Notice that the belt tension ratio is independent of the surface size and shape, provided the belt makes continuous contact.

### Subsection9.5.3Torque in Belt Systems

A belt-driven systems consists of an input pulley driven by a rotational power source and one or more output pulleys driving loads. The maximum torque that can be transmitted by the system is determined by the maximum value for $$T_+$$ before slipping occurs at either the input or any output pulley. We will need to consider each of the pulleys independently.
Start by solving for the resting tension $$T_-\text{.}$$ This is the tension the belts prior to any motion or power transfer. Practically, machines provide adjustments to pre-tension the belt to insure sufficient normal force when started. When we turn on the machine and increase the torque, the resting tension remains constant while the tension on the drive side $$T_+$$ increases.
If the pulleys have the same coefficients of friction, it can be assumed that the belt will first slip at the smaller of the two pulleys as the smaller pulley has a smaller contact angle $$\beta\text{.}$$ See Figure 9.5.4.
Once we have the maximum value for $$T_-$$ , we can use that to find the maximum input and output moments. Next, to find the torque, we then find the net moment exerted by the two tension forces, where the radius of the pulley is the moment arm.
The maximum input torque $$M_\text{i}$$ before slipping is
\begin{equation*} M_\text{i} = ({T_+}_\text{max} -T_-) r_\text{i} \end{equation*}
The maximum output torque $$M_o$$ before slipping is
\begin{equation*} M_\text{o} = ({T_+}_\text{max} -T_-) r_\text{o} \end{equation*}
In a rotating shaft, power is equal to the torque times the angular velocity in radians per second.
$$P = T \omega\tag{9.5.1}$$
, so
$$P_\text{max} = M_\text{i} (\omega_\text{i}) = M_\text{o} (\omega_\text{o})\tag{9.5.2}$$
.
Unlike the torque which steps up or down based on the pulley radii, the input and output powers are equal to each other, ignoring all efficiency losses.

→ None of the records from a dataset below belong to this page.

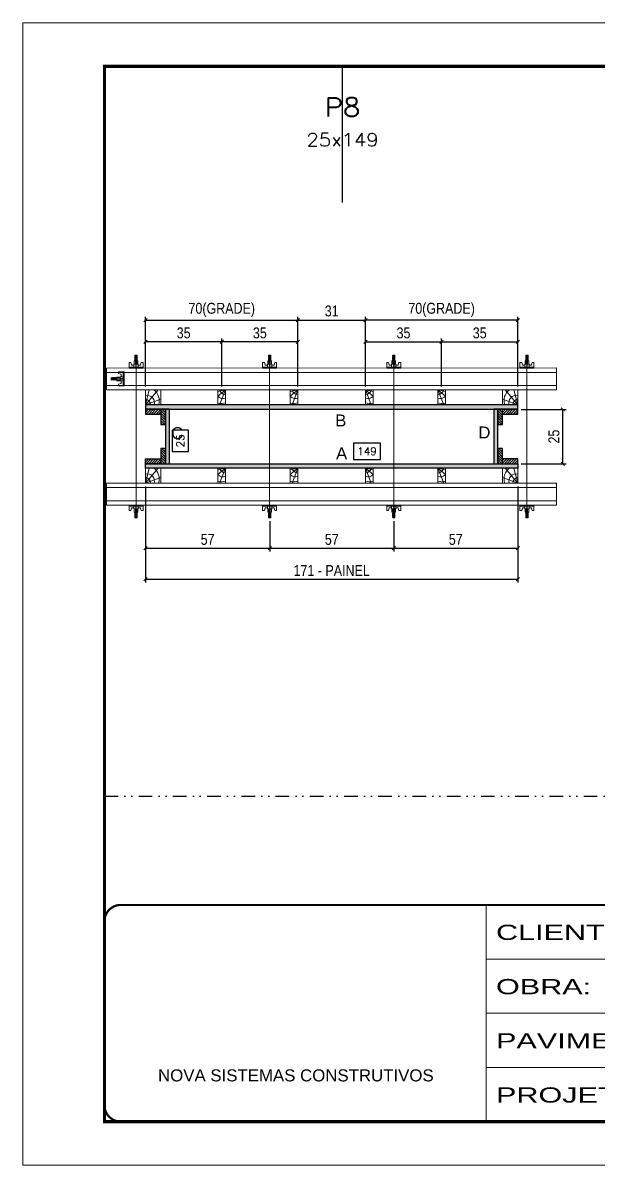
# Model space of a CAD drawing. Extents: x 14400 to 27878, y -21631 to 6985.
# Drawn here: x 17597 to 18126, y 3638 to 4688 of the extents above; entities that cross this region are included whole.
import ezdxf
from ezdxf.enums import TextEntityAlignment as Align

# ---------------------------------------------------------------- set-up
doc = ezdxf.new("R2010")
doc.units = 0
for name, pattern in [('CONTINUO', [0]), ('DASHED', [0.75, 0.5, -0.25]), ('DIVIDE2', [0.625, 0.25, -0.125, 0, -0.125, 0, -0.125]), ('HIDDEN', [0.375, 0.25, -0.125])]:
    doc.linetypes.add(name, pattern=pattern)
for name, color, linetype in [('CHAPA', 1, 'Continuous'), ('COTA', 241, 'Continuous'), ('MEIO_PONT', 93, 'Continuous'), ('Nível', 160, 'Continuous'), ('SARRAFO', 251, 'Continuous'), ('Texto de Titulo', 7, 'Continuous'), ('Texto Qtd Sarr', 242, 'Continuous'), ('TEXTO_GERAL', 7, 'Continuous')]:
    doc.layers.add(name, color=color, linetype=linetype)
for name, color, linetype, lineweight in [('Folhas', 255, 'Continuous', 9), ('Hachura', 251, 'Continuous', 9), ('Madeira', 126, 'Continuous', 18), ('Perfil Metálico', 224, 'Continuous', 18), ('SARRAFO DE PRESSAO', 251, 'DASHED', 9), ('Texto Seção', 7, 'Continuous', 15)]:
    doc.layers.add(name, color=color, linetype=linetype, lineweight=lineweight)
doc.styles.add('ARIAL', font='arial.ttf')
doc.styles.add('COTA TECNICA 2X', font='techl___.ttf', dxfattribs={"height": 10})
doc.styles.add('ROMANS', font='romans.shx')
doc.styles.add('Tecnologia', font='')
doc.styles.get('Tecnologia').set_extended_font_data('Forgotten Futurist')
doc.dimstyles.new('SECAO PILAR', dxfattribs={"dimtxt": 10, "dimasz": 3, "dimexe": 3, "dimexo": 3, "dimgap": 3, "dimtad": 1, "dimdec": 1, "dimlfac": 0.5, "dimzin": 12, "dimdsep": 46, "dimtxsty": 'COTA TECNICA 2X', "dimblk1": 'OBLIQUE', "dimblk2": 'OBLIQUE', "dimsah": 1, "dimcen": 0.9, "dimclrd": 256, "dimclre": 256, "dimclrt": 256, "dimadec": 1, "dimazin": 3, "dimtfac": 1, "dimtdec": 1, "dimtmove": 0, "dimatfit": 3, "dimfxl": 1, "dimtolj": 1, "dimtzin": 12, "dimarcsym": 0})
doc.dimstyles.new('SECÇÃO 2', dxfattribs={"dimtxt": 7, "dimasz": 6, "dimexe": 0.18, "dimexo": 2, "dimgap": -4, "dimtad": 3, "dimdec": 1, "dimlfac": 0.5, "dimzin": 12, "dimdsep": 46, "dimtxsty": 'ROMANS', "dimblk": 'ARCHTICK', "dimcen": 0.09, "dimse1": 1, "dimse2": 1, "dimsd1": 1, "dimsd2": 1, "dimclrd": 180, "dimclre": 5, "dimclrt": 1, "dimadec": 0, "dimazin": 3, "dimtfac": 1, "dimtdec": 1, "dimtofl": 0, "dimtmove": 0, "dimatfit": 3, "dimldrblk": 'ARCHTICK', "dimfxl": 1, "dimtolj": 1, "dimtzin": 0, "dimarcsym": 0})

# ---------------------------------------------------------------- blocks, each defined once
blk = doc.blocks.new('9999999999')
at = {"color": 30, "linetype": 'CONTINUO'}
for p, q in [((98564.6, 34230.2), (98564.6, 34429.4)), ((98564.6, 34379.6), (99584, 34379.6)), ((98564.6, 34329.8), (99488, 34329.8)), ((98564.6, 34280), (99488, 34280))]:
    blk.add_line(p, q, dxfattribs=at)
at = {"color": 30, "linetype": 'CONTINUO', "const_width": 2}
blk.add_lwpolyline([(99584, 34230.2), (99584, 34414.4, 0.414214), (99569, 34429.4), (98229, 34429.4, 0.414214), (98214, 34414.4), (98214, 34245.2, 0.414214), (98229, 34230.2), (99584, 34230.2)], format="xyb", dxfattribs=at)
at = {"layer": 'Folhas'}
blk.add_lwpolyline([(98139, 34190.2), (99624, 34190.2), (99624, 35240.2), (98139, 35240.2)], close=True, dxfattribs=at)
at = {"layer": 'Folhas', "color": 30, "const_width": 3}
blk.add_lwpolyline([(98214, 34230.2), (99584, 34230.2), (99584, 35200.2), (98214, 35200.2)], close=True, dxfattribs=at)
at = {"color": 7, "linetype": 'Continuous', "ltscale": 5, "style": 'ARIAL'}
blk.add_text('NOVA SISTEMAS CONSTRUTIVOS', height=11.059, dxfattribs=at).set_placement((98263.2, 34267.2))
at = {"layer": 'Folhas', "color": 7, "style": 'Tecnologia', "width": 1.5}
for s, p in [('CLIENTE:', (98573.7, 34397.2)), ('OBRA:', (98573.7, 34347.3)), ('PAVIMENTO:', (98573.7, 34297.5)), ('PROJETO:', (98573.7, 34247.7))]:
    blk.add_text(s, height=14, dxfattribs=at).set_placement(p)
blk = doc.blocks.new('*D1010')
at = {"layer": 'COTA', "color": 180, "lineweight": -2, "transparency": 16777216}
for p, q in [((17749.1, 4313.1), (17734.1, 4313.1)), ((17734.1, 4313.1), (17734.1, 4293.7)), ((17749.1, 4293.7), (17749.1, 4313.1)), ((17734.1, 4293.7), (17749.1, 4293.7))]:
    blk.add_line(p, q, dxfattribs=at)
at = {"layer": 'Defpoints', "color": 0, "transparency": 16777216}
for p in [(17749, 4332.3), (17749, 4282.3), (17753.1, 4282.3)]:
    blk.add_point(p, dxfattribs=at)
at = {"layer": 'COTA', "color": 1, "transparency": 16777216, "insert": (17741.6, 4303.4), "char_height": 7, "attachment_point": 5, "rotation": 90, "style": 'ROMANS'}
blk.add_mtext('\\A1;25', dxfattribs=at)
blk = doc.blocks.new('_ArchTick')
at = {"color": 0, "linetype": 'ByBlock', "const_width": 0.15}
blk.add_lwpolyline([(-0.5, -0.5), (0.5, 0.5)], dxfattribs=at)
blk = doc.blocks.new('*D1011')
at = {"layer": 'COTA', "color": 180, "lineweight": -2, "transparency": 16777216}
for p, q in [((17925.6, 4301.3), (17900.9, 4301.3)), ((17900.9, 4301.3), (17900.9, 4286.3)), ((17925.6, 4286.3), (17925.6, 4301.3)), ((17900.9, 4286.3), (17925.6, 4286.3))]:
    blk.add_line(p, q, dxfattribs=at)
at = {"layer": 'Defpoints', "color": 0, "transparency": 16777216}
for p in [(17731.7, 4282.3), (18029.7, 4282.3), (18029.7, 4282.3)]:
    blk.add_point(p, dxfattribs=at)
at = {"layer": 'COTA', "color": 1, "transparency": 16777216, "insert": (17913.2, 4293.8), "char_height": 7, "attachment_point": 5, "style": 'ROMANS'}
blk.add_mtext('\\A1;149', dxfattribs=at)
blk = doc.blocks.new('_Oblique')
at = {"color": 0, "linetype": 'ByBlock', "lineweight": -2}
blk.add_line((-0.5, -0.5), (0.5, 0.5), dxfattribs=at)
blk = doc.blocks.new('*D1012')
at = {"layer": 'COTA', "lineweight": -2, "transparency": 16777216}
for p, q in [((17709.7, 4261.3), (17709.7, 4173.2)), ((18051.7, 4261.4), (18051.7, 4173.2)), ((17709.7, 4176.2), (18051.7, 4176.2))]:
    blk.add_line(p, q, dxfattribs=at)
at = {"layer": 'Defpoints', "color": 0, "transparency": 16777216}
for p in [(17709.7, 4264.3), (18051.7, 4264.4), (18051.7, 4176.2)]:
    blk.add_point(p, dxfattribs=at)
at = {"layer": 'COTA', "lineweight": -2, "transparency": 16777216, "xscale": 3, "yscale": 3, "zscale": 3, "rotation": 180}
blk.add_blockref('_Oblique', (17709.7, 4176.2), dxfattribs=at)
at = {"layer": 'COTA', "lineweight": -2, "transparency": 16777216, "xscale": 3, "yscale": 3, "zscale": 3}
blk.add_blockref('_Oblique', (18051.7, 4176.2), dxfattribs=at)
at = {"layer": 'COTA', "transparency": 16777216, "insert": (17880.7, 4184.2), "char_height": 10, "attachment_point": 5, "style": 'COTA TECNICA 2X'}
blk.add_mtext('\\A1;171 - PAINEL', dxfattribs=at)
blk = doc.blocks.new('*D1013')
at = {"layer": 'COTA', "lineweight": -2, "transparency": 16777216}
for p, q in [((17709.7, 4261.3), (17709.7, 4201.6)), ((17823.8, 4229.6), (17823.8, 4201.6)), ((17709.7, 4204.6), (17823.8, 4204.6))]:
    blk.add_line(p, q, dxfattribs=at)
at = {"layer": 'Defpoints', "color": 0, "transparency": 16777216}
for p in [(17709.7, 4264.3), (17823.8, 4232.6), (17823.8, 4204.6)]:
    blk.add_point(p, dxfattribs=at)
at = {"layer": 'COTA', "lineweight": -2, "transparency": 16777216, "xscale": 3, "yscale": 3, "zscale": 3, "rotation": 180}
blk.add_blockref('_Oblique', (17709.7, 4204.6), dxfattribs=at)
at = {"layer": 'COTA', "lineweight": -2, "transparency": 16777216, "xscale": 3, "yscale": 3, "zscale": 3}
blk.add_blockref('_Oblique', (17823.8, 4204.6), dxfattribs=at)
at = {"layer": 'COTA', "transparency": 16777216, "insert": (17766.7, 4212.7), "char_height": 10, "attachment_point": 5, "style": 'COTA TECNICA 2X'}
blk.add_mtext('\\A1;57', dxfattribs=at)
blk = doc.blocks.new('*D1014')
at = {"layer": 'COTA', "lineweight": -2, "transparency": 16777216}
for p, q in [((18051.7, 4261.3), (18051.7, 4201.6)), ((17937.8, 4229.6), (17937.8, 4201.6)), ((17937.8, 4204.6), (18051.7, 4204.6))]:
    blk.add_line(p, q, dxfattribs=at)
at = {"layer": 'Defpoints', "color": 0, "transparency": 16777216}
for p in [(18051.7, 4264.3), (17937.8, 4232.6), (18051.7, 4204.6)]:
    blk.add_point(p, dxfattribs=at)
at = {"layer": 'COTA', "lineweight": -2, "transparency": 16777216, "xscale": 3, "yscale": 3, "zscale": 3, "rotation": 180}
blk.add_blockref('_Oblique', (17937.8, 4204.6), dxfattribs=at)
at = {"layer": 'COTA', "lineweight": -2, "transparency": 16777216, "xscale": 3, "yscale": 3, "zscale": 3}
blk.add_blockref('_Oblique', (18051.7, 4204.6), dxfattribs=at)
at = {"layer": 'COTA', "transparency": 16777216, "insert": (17994.7, 4212.7), "char_height": 10, "attachment_point": 5, "style": 'COTA TECNICA 2X'}
blk.add_mtext('\\A1;57', dxfattribs=at)
blk = doc.blocks.new('C')
at = {"layer": 'Hachura', "color": 0}
for p, q in [((0, 3.22), (0, -3.22)), ((0.45, 3.22), (0, 3.22)), ((0.46, 3.16), (0, 3.16)), ((0.46, 3.05), (0, 3.05)), ((0.46, 2.88), (0, 2.88)), ((0, 2.75), (0, -1.16)), ((0.46, 2.65), (0, 2.65)), ((0.46, 2.23), (0, 2.23)), ((0.46, 1.51), (0, 1.51)), ((0.39, 0.49), (0.17, 0.49)), ((0.45, -3.23), (0.45, 3.22)), ((0.45, 3.22), (2.58, 3.22)), ((1.74, 0.97), (0.45, 0.97)), ((1.45, 0.1), (0.45, 0.1)), ((1.35, 1.94), (1.35, 0.96)), ((2.58, 2.39), (1.47, 2.09)), ((1.74, -0.97), (1.74, 0.97)), ((1.74, 0.97), (1.74, 0.84)), ((1.74, 0.97), (1.74, 0.84)), ((1.74, 0.84), (3.35, 0.84)), ((3.35, 0.45), (1.74, 0.45)), ((2.58, 3.22), (2.58, 2.39)), ((3.32, 0.84), (3.32, -0.84)), ((3.35, 0.84), (3.35, -0.84)), ((3.68, 0.45), (3.35, 0.45)), ((3.84, -0.52), (3.35, 0.45)), ((3.35, 0.06), (3.67, -0.57)), ((3.68, 0.45), (4.16, -0.52)), ((3.72, 0.5), (4.25, -0.57)), ((4.37, -0.55), (3.83, 0.53)), ((4.15, 0.45), (3.93, 0.45)), ((4.42, -0.52), (3.93, 0.45)), ((4.15, 0.45), (4.26, 0.45)), ((4.26, 0.45), (4.74, -0.52)), ((4.3, 0.5), (4.83, -0.57)), ((4.95, -0.55), (4.41, 0.53)), ((4.51, 0.45), (4.84, 0.45)), ((5, -0.52), (4.51, 0.45)), ((4.84, 0.45), (5.32, -0.52)), ((4.88, 0.5), (5.41, -0.57)), ((5.53, -0.55), (4.99, 0.53)), ((5.58, -0.52), (5.09, 0.45)), ((5.42, 0.45), (5.09, 0.45)), ((5.58, -0.52), (5.09, 0.45)), ((5.42, 0.45), (5.74, -0.19)), ((5.46, 0.5), (5.74, -0.07)), ((5.74, 0.19), (5.57, 0.53)), ((5.74, 0.32), (5.68, 0.45)), ((5.68, 0.45), (5.74, 0.45)), ((5.74, 0.45), (5.9, 0.29)), ((5.74, 0.45), (5.74, -0.52)), ((5.9, -0.36), (5.9, 0.29)), ((0.45, 0), (0, 0)), ((0.46, -1.52), (0, -1.52)), ((0.46, -2.23), (0, -2.23)), ((0.46, -2.65), (0, -2.65)), ((0.46, -2.88), (0, -2.88)), ((0.46, -3.05), (0, -3.05)), ((0.46, -3.16), (0, -3.16)), ((0, -3.22), (2.57, -3.22)), ((0.08, -0.48), (0.29, -0.48)), ((0.29, -0.48), (0.4, -0.48)), ((0.45, 0), (0.45, -0.97)), ((0.45, -0.16), (1.45, -0.16)), ((0.45, -0.65), (0.45, -0.32)), ((0.45, -3.23), (0.45, -0.65)), ((0.45, -0.97), (1.74, -0.97)), ((1.35, -1.94), (1.35, -0.97)), ((2.58, -2.39), (1.47, -2.1)), ((3.35, -0.32), (1.74, -0.32)), ((3.35, -0.84), (1.74, -0.84)), ((2.58, -3.23), (2.58, -2.39)), ((3.35, -0.07), (3.58, -0.52)), ((3.35, -0.52), (3.58, -0.52)), ((3.84, -0.52), (4.16, -0.52)), ((4.42, -0.52), (4.74, -0.52)), ((4.63, -0.52), (4.74, -0.52)), ((5, -0.52), (5.32, -0.52)), ((5.58, -0.52), (5.74, -0.52)), ((5.74, -0.52), (5.9, -0.36)), ((5.74, -0.52), (5.74, -0.52))]:
    blk.add_line(p, q, dxfattribs=at)
for centre, radius, start, end in [((1.52, 1.94), 0.161, 104.7436, 180), ((1.44, -0.03), 0.129, 272.695, 87.305), ((3.81, 0.39), 0.143, 25.5688, 154.4312), ((4.39, 0.39), 0.143, 25.5688, 154.4312), ((4.97, 0.39), 0.143, 25.5688, 154.4312), ((5.55, 0.39), 0.143, 25.5688, 154.4312), ((0.17, -0.37), 0.174, 221.744, 317.8592), ((1.52, -1.94), 0.161, 180, 255.2564), ((3.71, -0.4), 0.174, 222.1408, 318.256), ((4.29, -0.4), 0.174, 222.1408, 318.256), ((4.87, -0.4), 0.174, 222.1408, 318.256), ((5.45, -0.4), 0.174, 222.1408, 318.256), ((5.61, -0.4), 0.174, 317.8592, 318.256)]:
    blk.add_arc(centre, radius, start, end, dxfattribs=at)
blk = doc.blocks.new('*D1015')
at = {"layer": 'COTA', "lineweight": -2, "transparency": 16777216}
for p, q in [((17823.8, 4229.6), (17823.8, 4201.6)), ((17937.8, 4229.6), (17937.8, 4201.6)), ((17823.8, 4204.6), (17937.8, 4204.6))]:
    blk.add_line(p, q, dxfattribs=at)
at = {"layer": 'Defpoints', "color": 0, "transparency": 16777216}
for p in [(17823.8, 4232.6), (17937.8, 4232.6), (17937.8, 4204.6)]:
    blk.add_point(p, dxfattribs=at)
at = {"layer": 'COTA', "lineweight": -2, "transparency": 16777216, "xscale": 3, "yscale": 3, "zscale": 3, "rotation": 180}
blk.add_blockref('_Oblique', (17823.8, 4204.6), dxfattribs=at)
at = {"layer": 'COTA', "lineweight": -2, "transparency": 16777216, "xscale": 3, "yscale": 3, "zscale": 3}
blk.add_blockref('_Oblique', (17937.8, 4204.6), dxfattribs=at)
at = {"layer": 'COTA', "transparency": 16777216, "insert": (17880.8, 4212.7), "char_height": 10, "attachment_point": 5, "style": 'COTA TECNICA 2X'}
blk.add_mtext('\\A1;57', dxfattribs=at)
blk = doc.blocks.new('*D1016')
at = {"layer": 'COTA', "lineweight": -2, "transparency": 16777216}
for p, q in [((17911.7, 4353.3), (17911.7, 4397.3)), ((17911.7, 4394.3), (17981.7, 4394.3)), ((17981.7, 4353.3), (17981.7, 4397.3))]:
    blk.add_line(p, q, dxfattribs=at)
at = {"layer": 'Defpoints', "color": 0, "transparency": 16777216}
for p in [(17981.7, 4394.3), (17911.7, 4350.3), (17981.7, 4350.3)]:
    blk.add_point(p, dxfattribs=at)
at = {"layer": 'COTA', "lineweight": -2, "transparency": 16777216, "xscale": 3, "yscale": 3, "zscale": 3, "rotation": 180}
blk.add_blockref('_Oblique', (17911.7, 4394.3), dxfattribs=at)
at = {"layer": 'COTA', "lineweight": -2, "transparency": 16777216, "xscale": 3, "yscale": 3, "zscale": 3}
blk.add_blockref('_Oblique', (17981.7, 4394.3), dxfattribs=at)
at = {"layer": 'COTA', "transparency": 16777216, "insert": (17946.7, 4402.5), "char_height": 10, "attachment_point": 5, "style": 'COTA TECNICA 2X'}
blk.add_mtext('\\A1;35', dxfattribs=at)
blk = doc.blocks.new('*D1017')
at = {"layer": 'COTA', "lineweight": -2, "transparency": 16777216}
for p, q in [((17981.7, 4353.3), (17981.7, 4397.3)), ((17981.7, 4394.3), (18051.7, 4394.3)), ((18051.7, 4353.3), (18051.7, 4397.3))]:
    blk.add_line(p, q, dxfattribs=at)
at = {"layer": 'Defpoints', "color": 0, "transparency": 16777216}
for p in [(18051.7, 4394.3), (17981.7, 4350.3), (18051.7, 4350.3)]:
    blk.add_point(p, dxfattribs=at)
at = {"layer": 'COTA', "lineweight": -2, "transparency": 16777216, "xscale": 3, "yscale": 3, "zscale": 3, "rotation": 180}
blk.add_blockref('_Oblique', (17981.7, 4394.3), dxfattribs=at)
at = {"layer": 'COTA', "lineweight": -2, "transparency": 16777216, "xscale": 3, "yscale": 3, "zscale": 3}
blk.add_blockref('_Oblique', (18051.7, 4394.3), dxfattribs=at)
at = {"layer": 'COTA', "transparency": 16777216, "insert": (18016.7, 4402.5), "char_height": 10, "attachment_point": 5, "style": 'COTA TECNICA 2X'}
blk.add_mtext('\\A1;35', dxfattribs=at)
blk = doc.blocks.new('*D1018')
at = {"layer": 'COTA', "lineweight": -2, "transparency": 16777216}
for p, q in [((17911.7, 4353.3), (17911.7, 4417.4)), ((18051.7, 4414.4), (17911.7, 4414.4)), ((18051.7, 4353.3), (18051.7, 4417.4))]:
    blk.add_line(p, q, dxfattribs=at)
at = {"layer": 'Defpoints', "color": 0, "transparency": 16777216}
for p in [(17911.7, 4414.4), (17911.7, 4350.3), (18051.7, 4350.3)]:
    blk.add_point(p, dxfattribs=at)
at = {"layer": 'COTA', "lineweight": -2, "transparency": 16777216, "xscale": 3, "yscale": 3, "zscale": 3, "rotation": 180}
blk.add_blockref('_Oblique', (17911.7, 4414.4), dxfattribs=at)
at = {"layer": 'COTA', "lineweight": -2, "transparency": 16777216, "xscale": 3, "yscale": 3, "zscale": 3}
blk.add_blockref('_Oblique', (18051.7, 4414.4), dxfattribs=at)
at = {"layer": 'COTA', "transparency": 16777216, "insert": (17981.7, 4423.7), "char_height": 10, "attachment_point": 5, "style": 'COTA TECNICA 2X'}
blk.add_mtext('\\A1;70(GRADE)', dxfattribs=at)
blk = doc.blocks.new('*D1019')
at = {"layer": 'COTA', "lineweight": -2, "transparency": 16777216}
for p, q in [((18054.7, 4332.3), (18096, 4332.3)), ((18093, 4282.3), (18093, 4332.3)), ((18054.7, 4282.3), (18096, 4282.3))]:
    blk.add_line(p, q, dxfattribs=at)
at = {"layer": 'Defpoints', "color": 0, "transparency": 16777216}
for p in [(18051.7, 4332.3), (18093, 4332.3), (18051.7, 4282.3)]:
    blk.add_point(p, dxfattribs=at)
at = {"layer": 'COTA', "lineweight": -2, "transparency": 16777216, "xscale": 3, "yscale": 3, "zscale": 3}
for p, rotation in [((18093, 4332.3), 90), ((18093, 4282.3), 270)]:
    blk.add_blockref('_Oblique', p, dxfattribs=dict(at, rotation=rotation))
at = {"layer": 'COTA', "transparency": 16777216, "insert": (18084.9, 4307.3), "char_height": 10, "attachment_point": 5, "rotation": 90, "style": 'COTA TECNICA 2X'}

### Subsection9.5.4V-Belts

A flat belt pulley interacts with one surface of the belt. A V shaped pulley allows the belt to wedge tightly in the groove, increasing friction and torque transmission. A V-belt’s enhanced friction comes from the increased normal forces which are a function of the groove angle $$\alpha\text{.}$$
The sum of the normal force vertical components is the same for a flat belt or V-belt. However, the horizontal components of the normal forces in a V-belt, effectively pinch the belt, thereby increasing the available friction force. The belt should not contact the bottom of the groove, or else the wedge effect is lost
$$\dfrac{T_+}{T_{-}} = e^{\left( {\dfrac{\mu_s \beta}{\sin{(\alpha/2)}}} \right)}\tag{9.5.3}$$
.
As we can see from the equation above, smaller groove angle and steeper sides result in a larger maximum tension ratio, resulting in higher torque transmission. The trade-off with steeper sides, however, is that the belt becomes wedged more firmly in the groove and requires more force to unwedge itself as it leaves the pulley. This unwedging force decreases the efficiency of the belt-driven system. An alternate design choice would be a chain-drive which carries very high-tension differences efficiently.
The distributed normal forces is not symmetrical as drawn, but actually biased towards the right, in order to have the net leftward force required to oppose the net friction acting to the right. Fortunately, the actual shape is not significant to us.